◆ **ASSIGNMENT**:
The entries that follow need to be printed exactly as they are, minus any pictures.

Source data:
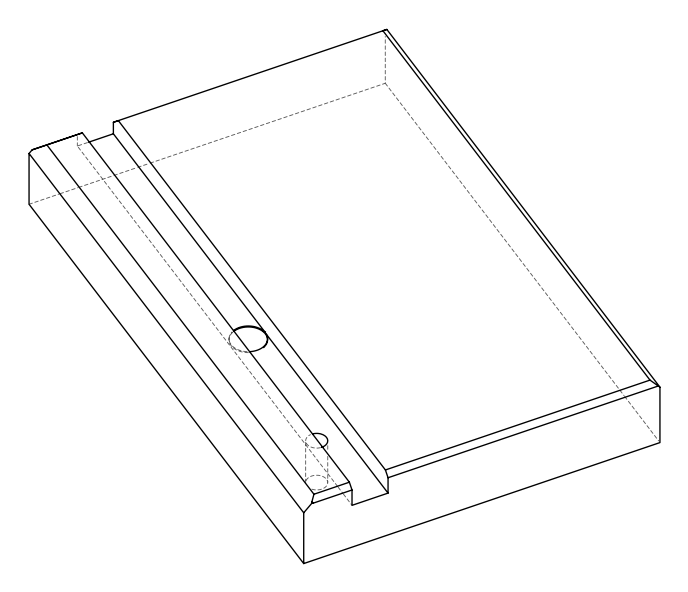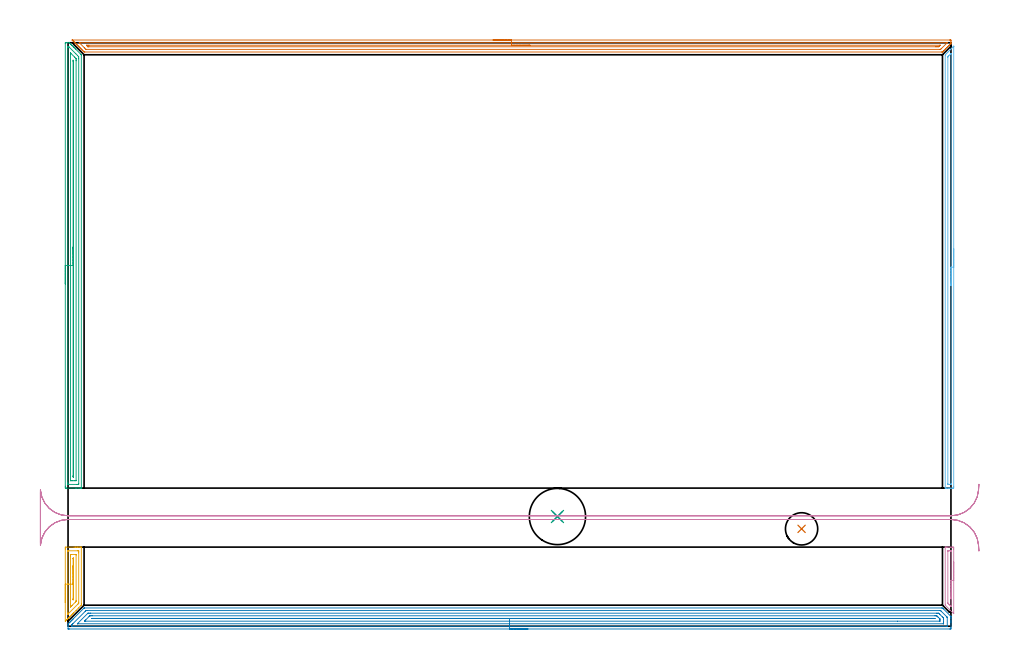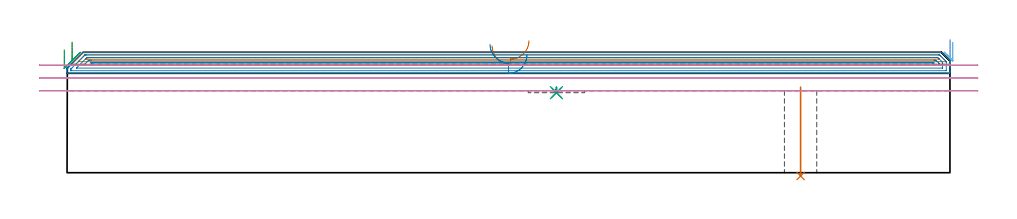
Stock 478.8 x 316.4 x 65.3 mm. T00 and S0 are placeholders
(PLAN: 10 operations, 3 tool changes, 51.2 min)
(1 INDEXABLE_INSERT_DRILL_THROUGH_HOLE_FROM_SOLID | STEP1HOLE | NXT0302_006 | 0.2 min | 15671 mm3)
(2 INDEXABLE_INSERT_DRILL_BLIND_HOLE_FROM_SOLID | STEP1POCKET | NXT0302_006 | 0.02 min | 5205 mm3)
(3 DRILL_TO_ENLARGE_BLIND_HOLE | STEP1POCKET | UGT0301_381 | 0.02 min | 10777 mm3)
(4 AREA_MILL | FG_CHAMFER_SURFACE | UGT0205_001 | 0.72 min | 447 mm3)
(5 AREA_MILL_1 | FG_CHAMFER_SURFACE_1 | UGT0205_001 | 1.31 min | 1821 mm3)
(6 AREA_MILL_2 | FG_CHAMFER_SURFACE_2 | UGT0205_001 | 3.98 min | 2584 mm3)
(7 AREA_MILL_3 | FG_CHAMFER_SURFACE_3 | UGT0205_001 | 11.49 min | 10063 mm3)
(8 AREA_MILL_4 | FG_CHAMFER_SURFACE_4 | UGT0205_001 | 19.14 min | 30739 mm3)
(9 AREA_MILL_5 | FG_CHAMFER_SURFACE_5 | UGT0205_001 | 7.81 min | 9197 mm3)
(10 MILL_RECTANGULAR_SLOT | SLOT_RECTANGULAR | UGT0201_018 | Follow Part, ap 7.5, ae 75% | 6.55 min | 299499 mm3)
(TOOL NXT0302_006 | Index. Insert Drill 17.5mm [880-D1750L25-05] | D17.5 PA176 FL88 Z2)
(TOOL UGT0301_381 | Twist Drill Flat Bottom 30.5 mm | D30.5 PA180 FL175 Z2)
(TOOL UGT0205_001 | Chamfer Mill 20 x 3 x 45 deg. | D20 FL50 Z2)
(TOOL UGT0201_018 | End mill 30 mm | D30 FL50 Z4)
(OP 1 INDEXABLE_INSERT_DRILL_THROUGH_HOLE_FROM_SOLID)
G17 G21 G94 G90
T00 M6
G54
G17 G0 G90 X397.8 Y52.8 S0 M3
G43 Z75.3 H1
G94 G81 G98 Z-1.806 F250. R46.4
G80
M5
M2
(OP 2 INDEXABLE_INSERT_DRILL_BLIND_HOLE_FROM_SOLID)
G17 G21 G94 G90
T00 M6
G54
G17 G0 G90 X265.4 Y59.5 S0 M3
G43 Z75.3 H1
G94 G81 G98 Z43.4 F250. R46.4
G80
M5
M2
(OP 3 DRILL_TO_ENLARGE_BLIND_HOLE)
G17 G21 G94 G90
T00 M6
G54
G17 G0 G90 X265.4 Y59.5 S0 M3
G43 Z75.3 H0
G94 G81 G98 Z43.4 F250. R46.4
G80
M5
M2
(OP 4 AREA_MILL)
G17 G21 G94 G90
T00 M6
G54
G17 G0 G90 X480.3 Y34.85 S1061 M3
G43 Z75.3 H0
Z70.7
G94 G1 Y34.812 Z69.828 F250.
Y34.698 Z68.963
Y34.509 Z68.112
Y34.247 Z67.28
Y33.913 Z66.474
Y33.51 Z65.7
Y33.042 Z64.964
Y32.511 Z64.272
Y31.921 Z63.629
Y31.278 Z63.04
Y30.586 Z62.508
Y29.85 Z62.04
Y29.076 Z61.637
Y28.27 Z61.303
Y27.438 Z61.041
Y26.587 Z60.852
Y25.722 Z60.738
Y24.85 Z60.7
X480.299 Y6.976 Z60.701
X480.298 Y6.935 Z60.702
X480.291 Y6.815 Z60.706
X480.217 Y6.885 Z60.781
X480.123 Y6.976 Z60.875
X475.797 Y11.303 Z65.203
X475.73 Y11.372 Z65.27
X475.707 Y11.4 Z65.293
X475.7 Y11.891 Z65.3
Y42.724
X475.703 Y42.891 Z65.288
X475.733 Y42.9 Z65.258
X476.115 Z64.885
X476.415 Z64.585
X477.113 Z63.882
X478.349 Z62.648
X478.887 Z62.108
X479.505 Z61.491
X479.774 Y42.898 Z61.222
X480.291 Y42.892 Z60.705
X480.294 Y42.802 Z60.703
X480.299 Y42.277 Z60.701
X480.3 Y41.747 Z60.7
Y24.85
X478.886 Z62.114
Y10.999
X478.881 Y10.776 Z62.119
X478.879 Y10.684 Z62.121
X478.822 Y10.735 Z62.178
X478.759 Y10.795 Z62.241
X478.552 Y10.998 Z62.448
X478. Y11.55 Z63.
X477.661 Y11.891 Z63.339
X477.315 Y12.247 Z63.685
X477.121 Y12.454 Z63.879
X477.118 Y12.561 Z63.882
X477.114 Y12.784 Z63.886
X477.115 Y40.713 Z63.885
X477.116 Y40.824 Z63.884
X477.119 Y40.879 Z63.881
X477.12 Y40.886 Z63.88
X477.133 Y40.89 Z63.867
X477.186 Y40.894 Z63.814
X477.594 Y40.899 Z63.406
X478. Y40.9 Z63.
X478.48 Z62.52
X478.743 Y40.897 Z62.257
X478.855 Y40.893 Z62.145
X478.874 Y40.891 Z62.126
X478.879 Y40.877 Z62.121
X478.882 Y40.824 Z62.118
X478.884 Y40.713 Z62.116
X478.886 Y40.491 Z62.114
Y24.85
Y23.978 Z62.152
Y23.114 Z62.266
Y22.262 Z62.455
Y21.43 Z62.717
Y20.624 Z63.051
Y19.85 Z63.454
Y19.114 Z63.923
Y18.422 Z64.454
Y17.779 Z65.043
Y17.19 Z65.686
Y16.659 Z66.378
Y16.19 Z67.114
Y15.787 Z67.888
Y15.453 Z68.694
Y15.191 Z69.526
Y15.002 Z70.378
Y14.888 Z71.243
Y14.85 Z72.114
G0 Z75.3
M5
M2
(OP 5 AREA_MILL_1)
G17 G21 G94 G90
T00 M6
G54
G17 G0 G90 X-1.5 Y12.8 S1061 M3
G43 Z75.3 H0
Z66.6
G94 G1 Y12.838 Z65.728 F250.
Y12.952 Z64.864
Y13.141 Z64.012
Y13.403 Z63.18
Y13.737 Z62.374
Y14.14 Z61.6
Y14.608 Z60.864
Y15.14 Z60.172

◆ **RESULT BELOW**:
Stock 478.8 x 316.4 x 65.3 mm. T00 and S0 are placeholders
(PLAN: 10 operations, 3 tool changes, 51.2 min)
(1 INDEXABLE_INSERT_DRILL_THROUGH_HOLE_FROM_SOLID | STEP1HOLE | NXT0302_006 | 0.2 min | 15671 mm3)
(2 INDEXABLE_INSERT_DRILL_BLIND_HOLE_FROM_SOLID | STEP1POCKET | NXT0302_006 | 0.02 min | 5205 mm3)
(3 DRILL_TO_ENLARGE_BLIND_HOLE | STEP1POCKET | UGT0301_381 | 0.02 min | 10777 mm3)
(4 AREA_MILL | FG_CHAMFER_SURFACE | UGT0205_001 | 0.72 min | 447 mm3)
(5 AREA_MILL_1 | FG_CHAMFER_SURFACE_1 | UGT0205_001 | 1.31 min | 1821 mm3)
(6 AREA_MILL_2 | FG_CHAMFER_SURFACE_2 | UGT0205_001 | 3.98 min | 2584 mm3)
(7 AREA_MILL_3 | FG_CHAMFER_SURFACE_3 | UGT0205_001 | 11.49 min | 10063 mm3)
(8 AREA_MILL_4 | FG_CHAMFER_SURFACE_4 | UGT0205_001 | 19.14 min | 30739 mm3)
(9 AREA_MILL_5 | FG_CHAMFER_SURFACE_5 | UGT0205_001 | 7.81 min | 9197 mm3)
(10 MILL_RECTANGULAR_SLOT | SLOT_RECTANGULAR | UGT0201_018 | Follow Part, ap 7.5, ae 75% | 6.55 min | 299499 mm3)
(TOOL NXT0302_006 | Index. Insert Drill 17.5mm [880-D1750L25-05] | D17.5 PA176 FL88 Z2)
(TOOL UGT0301_381 | Twist Drill Flat Bottom 30.5 mm | D30.5 PA180 FL175 Z2)
(TOOL UGT0205_001 | Chamfer Mill 20 x 3 x 45 deg. | D20 FL50 Z2)
(TOOL UGT0201_018 | End mill 30 mm | D30 FL50 Z4)
(OP 1 INDEXABLE_INSERT_DRILL_THROUGH_HOLE_FROM_SOLID)
G17 G21 G94 G90
T00 M6
G54
G17 G0 G90 X397.8 Y52.8 S0 M3
G43 Z75.3 H1
G94 G81 G98 Z-1.806 F250. R46.4
G80
M5
M2
(OP 2 INDEXABLE_INSERT_DRILL_BLIND_HOLE_FROM_SOLID)
G17 G21 G94 G90
T00 M6
G54
G17 G0 G90 X265.4 Y59.5 S0 M3
G43 Z75.3 H1
G94 G81 G98 Z43.4 F250. R46.4
G80
M5
M2
(OP 3 DRILL_TO_ENLARGE_BLIND_HOLE)
G17 G21 G94 G90
T00 M6
G54
G17 G0 G90 X265.4 Y59.5 S0 M3
G43 Z75.3 H0
G94 G81 G98 Z43.4 F250. R46.4
G80
M5
M2
(OP 4 AREA_MILL)
G17 G21 G94 G90
T00 M6
G54
G17 G0 G90 X480.3 Y34.85 S1061 M3
G43 Z75.3 H0
Z70.7
G94 G1 Y34.812 Z69.828 F250.
Y34.698 Z68.963
Y34.509 Z68.112
Y34.247 Z67.28
Y33.913 Z66.474
Y33.51 Z65.7
Y33.042 Z64.964
Y32.511 Z64.272
Y31.921 Z63.629
Y31.278 Z63.04
Y30.586 Z62.508
Y29.85 Z62.04
Y29.076 Z61.637
Y28.27 Z61.303
Y27.438 Z61.041
Y26.587 Z60.852
Y25.722 Z60.738
Y24.85 Z60.7
X480.299 Y6.976 Z60.701
X480.298 Y6.935 Z60.702
X480.291 Y6.815 Z60.706
X480.217 Y6.885 Z60.781
X480.123 Y6.976 Z60.875
X475.797 Y11.303 Z65.203
X475.73 Y11.372 Z65.27
X475.707 Y11.4 Z65.293
X475.7 Y11.891 Z65.3
Y42.724
X475.703 Y42.891 Z65.288
X475.733 Y42.9 Z65.258
X476.115 Z64.885
X476.415 Z64.585
X477.113 Z63.882
X478.349 Z62.648
X478.887 Z62.108
X479.505 Z61.491
X479.774 Y42.898 Z61.222
X480.291 Y42.892 Z60.705
X480.294 Y42.802 Z60.703
X480.299 Y42.277 Z60.701
X480.3 Y41.747 Z60.7
Y24.85
X478.886 Z62.114
Y10.999
X478.881 Y10.776 Z62.119
X478.879 Y10.684 Z62.121
X478.822 Y10.735 Z62.178
X478.759 Y10.795 Z62.241
X478.552 Y10.998 Z62.448
X478. Y11.55 Z63.
X477.661 Y11.891 Z63.339
X477.315 Y12.247 Z63.685
X477.121 Y12.454 Z63.879
X477.118 Y12.561 Z63.882
X477.114 Y12.784 Z63.886
X477.115 Y40.713 Z63.885
X477.116 Y40.824 Z63.884
X477.119 Y40.879 Z63.881
X477.12 Y40.886 Z63.88
X477.133 Y40.89 Z63.867
X477.186 Y40.894 Z63.814
X477.594 Y40.899 Z63.406
X478. Y40.9 Z63.
X478.48 Z62.52
X478.743 Y40.897 Z62.257
X478.855 Y40.893 Z62.145
X478.874 Y40.891 Z62.126
X478.879 Y40.877 Z62.121
X478.882 Y40.824 Z62.118
X478.884 Y40.713 Z62.116
X478.886 Y40.491 Z62.114
Y24.85
Y23.978 Z62.152
Y23.114 Z62.266
Y22.262 Z62.455
Y21.43 Z62.717
Y20.624 Z63.051
Y19.85 Z63.454
Y19.114 Z63.923
Y18.422 Z64.454
Y17.779 Z65.043
Y17.19 Z65.686
Y16.659 Z66.378
Y16.19 Z67.114
Y15.787 Z67.888
Y15.453 Z68.694
Y15.191 Z69.526
Y15.002 Z70.378
Y14.888 Z71.243
Y14.85 Z72.114
G0 Z75.3
M5
M2
(OP 5 AREA_MILL_1)
G17 G21 G94 G90
T00 M6
G54
G17 G0 G90 X-1.5 Y12.8 S1061 M3
G43 Z75.3 H0
Z66.6
G94 G1 Y12.838 Z65.728 F250.
Y12.952 Z64.864
Y13.141 Z64.012
Y13.403 Z63.18
Y13.737 Z62.374
Y14.14 Z61.6
Y14.608 Z60.864
Y15.14 Z60.172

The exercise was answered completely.